Closing Down

Walk down Peninsular Plaza months ago and you did notice a shoe store with their signboard covered by a ‘Closing Down Sale’ Banner. If you hadn’t been there before (over the past decade), you shouldn’t be surprise. After all, the store look just like any other store, except that it probably is closing down.

More than five years ago, when I was walking down that path, I thought the same. I never got to know the real name of the shop since the signboard is always covered by the banner. Then a year or two past and the shop remained, never closing down. For once, I thought the name of the shoe shop was ‘Closing Down Sale’ but I abandon that idea after figuring out that there’s a few letters protruding from the real signboard behind the banner.

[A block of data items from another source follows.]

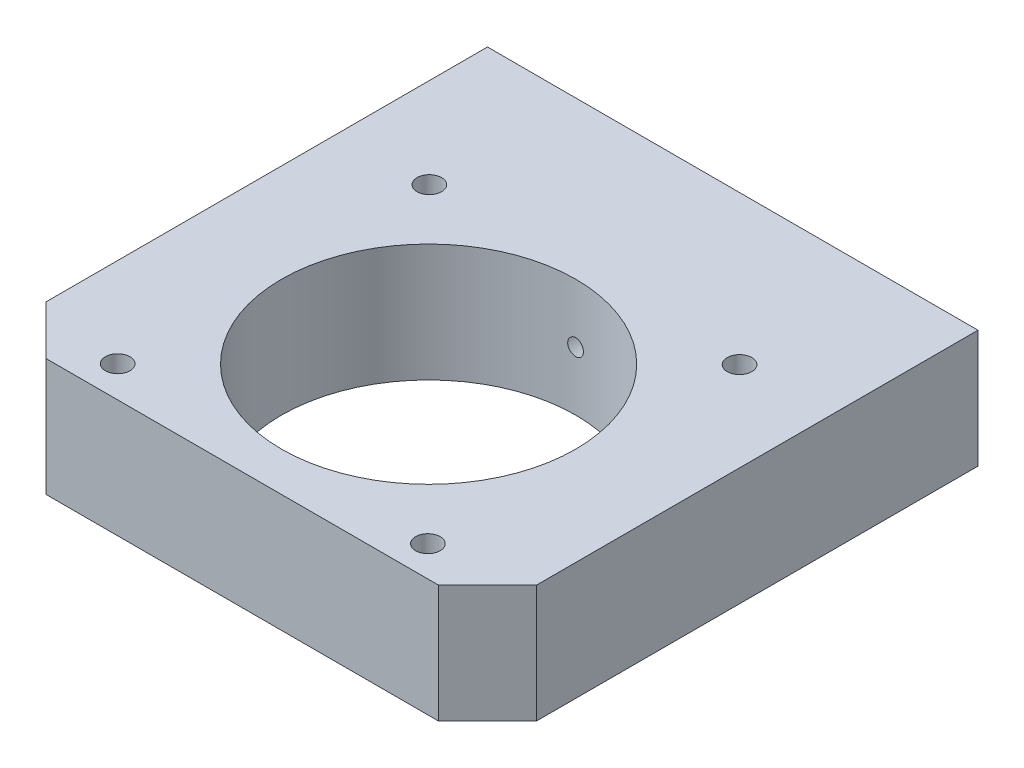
ISO-10303-21;
HEADER;
FILE_DESCRIPTION(('STEP AP214'),'2;1');
FILE_NAME('part.step','',(''),(''),'','','');
FILE_SCHEMA(('AUTOMOTIVE_DESIGN { 1 0 10303 214 1 1 1 1 }'));
ENDSEC;
DATA;
#1=APPLICATION_CONTEXT('core data for automotive mechanical design processes');
#2=APPLICATION_PROTOCOL_DEFINITION('international standard','automotive_design',2000,#1);
#3=PRODUCT_CONTEXT('',#1,'mechanical');
#4=PRODUCT('Part','Part','',(#3));
#5=PRODUCT_RELATED_PRODUCT_CATEGORY('part','',(#4));
#6=PRODUCT_DEFINITION_FORMATION('','',#4);
#7=PRODUCT_DEFINITION_CONTEXT('part definition',#1,'design');
#8=PRODUCT_DEFINITION('design','',#6,#7);
#9=PRODUCT_DEFINITION_SHAPE('','',#8);
#10=(LENGTH_UNIT() NAMED_UNIT(*) SI_UNIT(.MILLI.,.METRE.));
#11=(NAMED_UNIT(*) PLANE_ANGLE_UNIT() SI_UNIT($,.RADIAN.));
#12=(NAMED_UNIT(*) SI_UNIT($,.STERADIAN.) SOLID_ANGLE_UNIT());
#13=UNCERTAINTY_MEASURE_WITH_UNIT(LENGTH_MEASURE(1.E-05),#10,'distance_accuracy_value','');
#14=(GEOMETRIC_REPRESENTATION_CONTEXT(3) GLOBAL_UNCERTAINTY_ASSIGNED_CONTEXT((#13)) GLOBAL_UNIT_ASSIGNED_CONTEXT((#10,
#11,#12)) REPRESENTATION_CONTEXT('',''));
#15=CARTESIAN_POINT('',(0.,0.,0.));
#16=DIRECTION('',(0.,0.,1.));
#17=DIRECTION('',(1.,0.,0.));
#18=AXIS2_PLACEMENT_3D('',#15,#16,#17);
#19=CARTESIAN_POINT('',(26.923076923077,21.6923076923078,50.));
#20=DIRECTION('',(-1.,0.,0.));
#21=DIRECTION('',(0.,0.,1.));
#22=AXIS2_PLACEMENT_3D('',#19,#20,#21);
#23=PLANE('',#22);
#24=DIRECTION('',(0.,0.,-1.));
#25=VECTOR('',#24,1.);
#26=CARTESIAN_POINT('',(26.923076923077,33.6923076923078,50.));
#27=LINE('',#26,#25);
#28=CARTESIAN_POINT('',(26.923076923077,33.6923076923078,45.));
#29=VERTEX_POINT('',#28);
#30=CARTESIAN_POINT('',(26.923076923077,33.6923076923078,0.));
#31=VERTEX_POINT('',#30);
#32=EDGE_CURVE('E333',#29,#31,#27,.T.);
#33=ORIENTED_EDGE('',*,*,#32,.F.);
#34=DIRECTION('',(0.,-1.,0.));
#35=VECTOR('',#34,1.);
#36=CARTESIAN_POINT('',(26.923076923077,21.6923076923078,45.));
#37=LINE('',#36,#35);
#38=CARTESIAN_POINT('',(26.923076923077,21.6923076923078,45.));
#39=VERTEX_POINT('',#38);
#40=EDGE_CURVE('E221',#29,#39,#37,.T.);
#41=ORIENTED_EDGE('',*,*,#40,.T.);
#42=DIRECTION('',(0.,0.,-1.));
#43=VECTOR('',#42,1.);
#44=CARTESIAN_POINT('',(26.923076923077,21.6923076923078,50.));
#45=LINE('',#44,#43);
#46=CARTESIAN_POINT('',(26.923076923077,21.6923076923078,0.));
#47=VERTEX_POINT('',#46);
#48=EDGE_CURVE('E317',#39,#47,#45,.T.);
#49=ORIENTED_EDGE('',*,*,#48,.T.);
#50=DIRECTION('',(0.,1.,0.));
#51=VECTOR('',#50,1.);
#52=CARTESIAN_POINT('',(26.923076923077,21.6923076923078,0.));
#53=LINE('',#52,#51);
#54=EDGE_CURVE('E308',#47,#31,#53,.T.);
#55=ORIENTED_EDGE('',*,*,#54,.T.);
#56=EDGE_LOOP('',(#33,#41,#49,#55));
#57=FACE_BOUND('',#56,.T.);
#58=ADVANCED_FACE('F16',(#57),#23,.F.);
#59=CARTESIAN_POINT('',(26.923076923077,33.6923076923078,50.));
#60=DIRECTION('',(0.,-1.,0.));
#61=DIRECTION('',(0.,0.,-1.));
#62=AXIS2_PLACEMENT_3D('',#59,#60,#61);
#63=PLANE('',#62);
#64=CARTESIAN_POINT('',(-13.8868256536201,33.6923076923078,15.1151368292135));
#65=DIRECTION('',(0.,-1.,0.));
#66=DIRECTION('',(0.,0.,-1.));
#67=AXIS2_PLACEMENT_3D('',#64,#65,#66);
#68=CIRCLE('',#67,1.25);
#69=CARTESIAN_POINT('',(-13.8868256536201,33.6923076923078,13.8651368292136));
#70=VERTEX_POINT('',#69);
#71=EDGE_CURVE('E283',#70,#70,#68,.T.);
#72=ORIENTED_EDGE('',*,*,#71,.T.);
#73=EDGE_LOOP('',(#72));
#74=FACE_BOUND('',#73,.T.);
#75=CARTESIAN_POINT('',(-13.9617862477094,33.6923076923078,46.8099025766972));
#76=DIRECTION('',(0.,-1.,0.));
#77=DIRECTION('',(0.,0.,-1.));
#78=AXIS2_PLACEMENT_3D('',#75,#76,#77);
#79=CIRCLE('',#78,1.25);
#80=CARTESIAN_POINT('',(-13.9617862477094,33.6923076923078,45.5599025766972));
#81=VERTEX_POINT('',#80);
#82=EDGE_CURVE('E289',#81,#81,#79,.T.);
#83=ORIENTED_EDGE('',*,*,#82,.T.);
#84=EDGE_LOOP('',(#83));
#85=FACE_BOUND('',#84,.T.);
#86=CARTESIAN_POINT('',(17.8079400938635,33.6923076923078,15.1900974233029));
#87=DIRECTION('',(0.,-1.,0.));
#88=DIRECTION('',(0.,0.,-1.));
#89=AXIS2_PLACEMENT_3D('',#86,#87,#88);
#90=CIRCLE('',#89,1.25);
#91=CARTESIAN_POINT('',(17.8079400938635,33.6923076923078,13.9400974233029));
#92=VERTEX_POINT('',#91);
#93=EDGE_CURVE('E295',#92,#92,#90,.T.);
#94=ORIENTED_EDGE('',*,*,#93,.T.);
#95=EDGE_LOOP('',(#94));
#96=FACE_BOUND('',#95,.T.);
#97=CARTESIAN_POINT('',(17.7329794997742,33.6923076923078,46.8848631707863));
#98=DIRECTION('',(0.,-1.,0.));
#99=DIRECTION('',(0.,0.,-1.));
#100=AXIS2_PLACEMENT_3D('',#97,#98,#99);
#101=CIRCLE('',#100,1.25);
#102=CARTESIAN_POINT('',(17.7329794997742,33.6923076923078,45.6348631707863));
#103=VERTEX_POINT('',#102);
#104=EDGE_CURVE('E301',#103,#103,#101,.T.);
#105=ORIENTED_EDGE('',*,*,#104,.T.);
#106=EDGE_LOOP('',(#105));
#107=FACE_BOUND('',#106,.T.);
#108=CARTESIAN_POINT('',(1.923076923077,33.6923076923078,31.));
#109=DIRECTION('',(0.,-1.,0.));
#110=DIRECTION('',(0.,0.,-1.));
#111=AXIS2_PLACEMENT_3D('',#108,#109,#110);
#112=CIRCLE('',#111,15.);
#113=CARTESIAN_POINT('',(1.923076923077,33.6923076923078,16.));
#114=VERTEX_POINT('',#113);
#115=EDGE_CURVE('E305',#114,#114,#112,.T.);
#116=ORIENTED_EDGE('',*,*,#115,.T.);
#117=EDGE_LOOP('',(#116));
#118=FACE_BOUND('',#117,.T.);
#119=DIRECTION('',(-1.,0.,0.));
#120=VECTOR('',#119,1.);
#121=CARTESIAN_POINT('',(26.923076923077,33.6923076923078,50.));
#122=LINE('',#121,#120);
#123=CARTESIAN_POINT('',(21.923076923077,33.6923076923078,50.));
#124=VERTEX_POINT('',#123);
#125=CARTESIAN_POINT('',(-18.076923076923,33.6923076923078,50.));
#126=VERTEX_POINT('',#125);
#127=EDGE_CURVE('E311',#124,#126,#122,.T.);
#128=ORIENTED_EDGE('',*,*,#127,.F.);
#129=DIRECTION('',(0.707106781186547,0.,-0.707106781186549));
#130=VECTOR('',#129,1.);
#131=CARTESIAN_POINT('',(21.923076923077,33.6923076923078,50.));
#132=LINE('',#131,#130);
#133=EDGE_CURVE('E341',#124,#29,#132,.T.);
#134=ORIENTED_EDGE('',*,*,#133,.T.);
#135=ORIENTED_EDGE('',*,*,#32,.T.);
#136=DIRECTION('',(-1.,0.,0.));
#137=VECTOR('',#136,1.);
#138=CARTESIAN_POINT('',(26.923076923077,33.6923076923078,0.));
#139=LINE('',#138,#137);
#140=CARTESIAN_POINT('',(-23.076923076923,33.6923076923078,0.));
#141=VERTEX_POINT('',#140);
#142=EDGE_CURVE('E320',#31,#141,#139,.T.);
#143=ORIENTED_EDGE('',*,*,#142,.T.);
#144=DIRECTION('',(0.,0.,-1.));
#145=VECTOR('',#144,1.);
#146=CARTESIAN_POINT('',(-23.076923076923,33.6923076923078,50.));
#147=LINE('',#146,#145);
#148=CARTESIAN_POINT('',(-23.076923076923,33.6923076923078,45.));
#149=VERTEX_POINT('',#148);
#150=EDGE_CURVE('E331',#149,#141,#147,.T.);
#151=ORIENTED_EDGE('',*,*,#150,.F.);
#152=DIRECTION('',(0.707106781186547,0.,0.707106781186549));
#153=VECTOR('',#152,1.);
#154=CARTESIAN_POINT('',(-18.076923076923,33.6923076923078,50.));
#155=LINE('',#154,#153);
#156=EDGE_CURVE('E339',#149,#126,#155,.T.);
#157=ORIENTED_EDGE('',*,*,#156,.T.);
#158=EDGE_LOOP('',(#128,#134,#135,#143,#151,#157));
#159=FACE_BOUND('',#158,.T.);
#160=ADVANCED_FACE('F198',(#74,#85,#96,#107,#118,#159),#63,.F.);
#161=CARTESIAN_POINT('',(-23.076923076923,21.6923076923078,50.));
#162=DIRECTION('',(1.,0.,0.));
#163=DIRECTION('',(0.,0.,-1.));
#164=AXIS2_PLACEMENT_3D('',#161,#162,#163);
#165=PLANE('',#164);
#166=DIRECTION('',(0.,0.,-1.));
#167=VECTOR('',#166,1.);
#168=CARTESIAN_POINT('',(-23.076923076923,21.6923076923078,50.));
#169=LINE('',#168,#167);
#170=CARTESIAN_POINT('',(-23.076923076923,21.6923076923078,45.));
#171=VERTEX_POINT('',#170);
#172=CARTESIAN_POINT('',(-23.076923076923,21.6923076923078,0.));
#173=VERTEX_POINT('',#172);
#174=EDGE_CURVE('E329',#171,#173,#169,.T.);
#175=ORIENTED_EDGE('',*,*,#174,.F.);
#176=DIRECTION('',(0.,1.,0.));
#177=VECTOR('',#176,1.);
#178=CARTESIAN_POINT('',(-23.076923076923,33.6923076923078,45.));
#179=LINE('',#178,#177);
#180=EDGE_CURVE('E228',#171,#149,#179,.T.);
#181=ORIENTED_EDGE('',*,*,#180,.T.);
#182=ORIENTED_EDGE('',*,*,#150,.T.);
#183=DIRECTION('',(0.,-1.,0.));
#184=VECTOR('',#183,1.);
#185=CARTESIAN_POINT('',(-23.076923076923,21.6923076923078,0.));
#186=LINE('',#185,#184);
#187=EDGE_CURVE('E323',#141,#173,#186,.T.);
#188=ORIENTED_EDGE('',*,*,#187,.T.);
#189=EDGE_LOOP('',(#175,#181,#182,#188));
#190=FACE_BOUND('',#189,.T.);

A few more years past, and the shop remained standing, with the same old banner, selling different shoes, but nonetheless, still shoes and the shop looked exactly the same as the first time when I saw it – orange walls, filament bulb lighting. It is interesting to note that they seem to have more customers nowadays. Last month, I went there and told my Dad about the store. He replied that he noticed that store too; over the years, it seem that the ‘Closing Down Sale’ banner has become a permanent feature and they are using it as a business tactic to attract more people. I thought so, since I realised that the store never did close down.

I set foot on the path again today, everything was the same, the Old Chang Kee, the 7-eleven store. Then I realised something was missing from the picture – the familiar orange-colored store, the ‘Closing Down Sale’ banner is gone. The shop really closed down. It simply feels odd. We all never thought it did close down. After all, it’s been years.

We take too many things for granted, things that seem to exist permanently will not, but we tend to think otherwise. There are things you really hate, like school, some people, and I really did hate that particular store that put up the ‘Closing Down Sale’ banner for years. But the moment you realised it is gone, you find it odd. It is not as if the banner or the store played a part in my life before its absence, it is not as though I really think the schools needs some forgiving on my part, but when these things are gone, you know you can’t hate them anymore. Our stand, our assertion are all too distinct, too comfortable for us, so much so that when the opposition force cease to exist, we feel emptiness. We hate, for the sake of hating, too often, we lose our rationality in our hatred.

For a moment, we should cease to hate and think about the reasons behind all our hatred.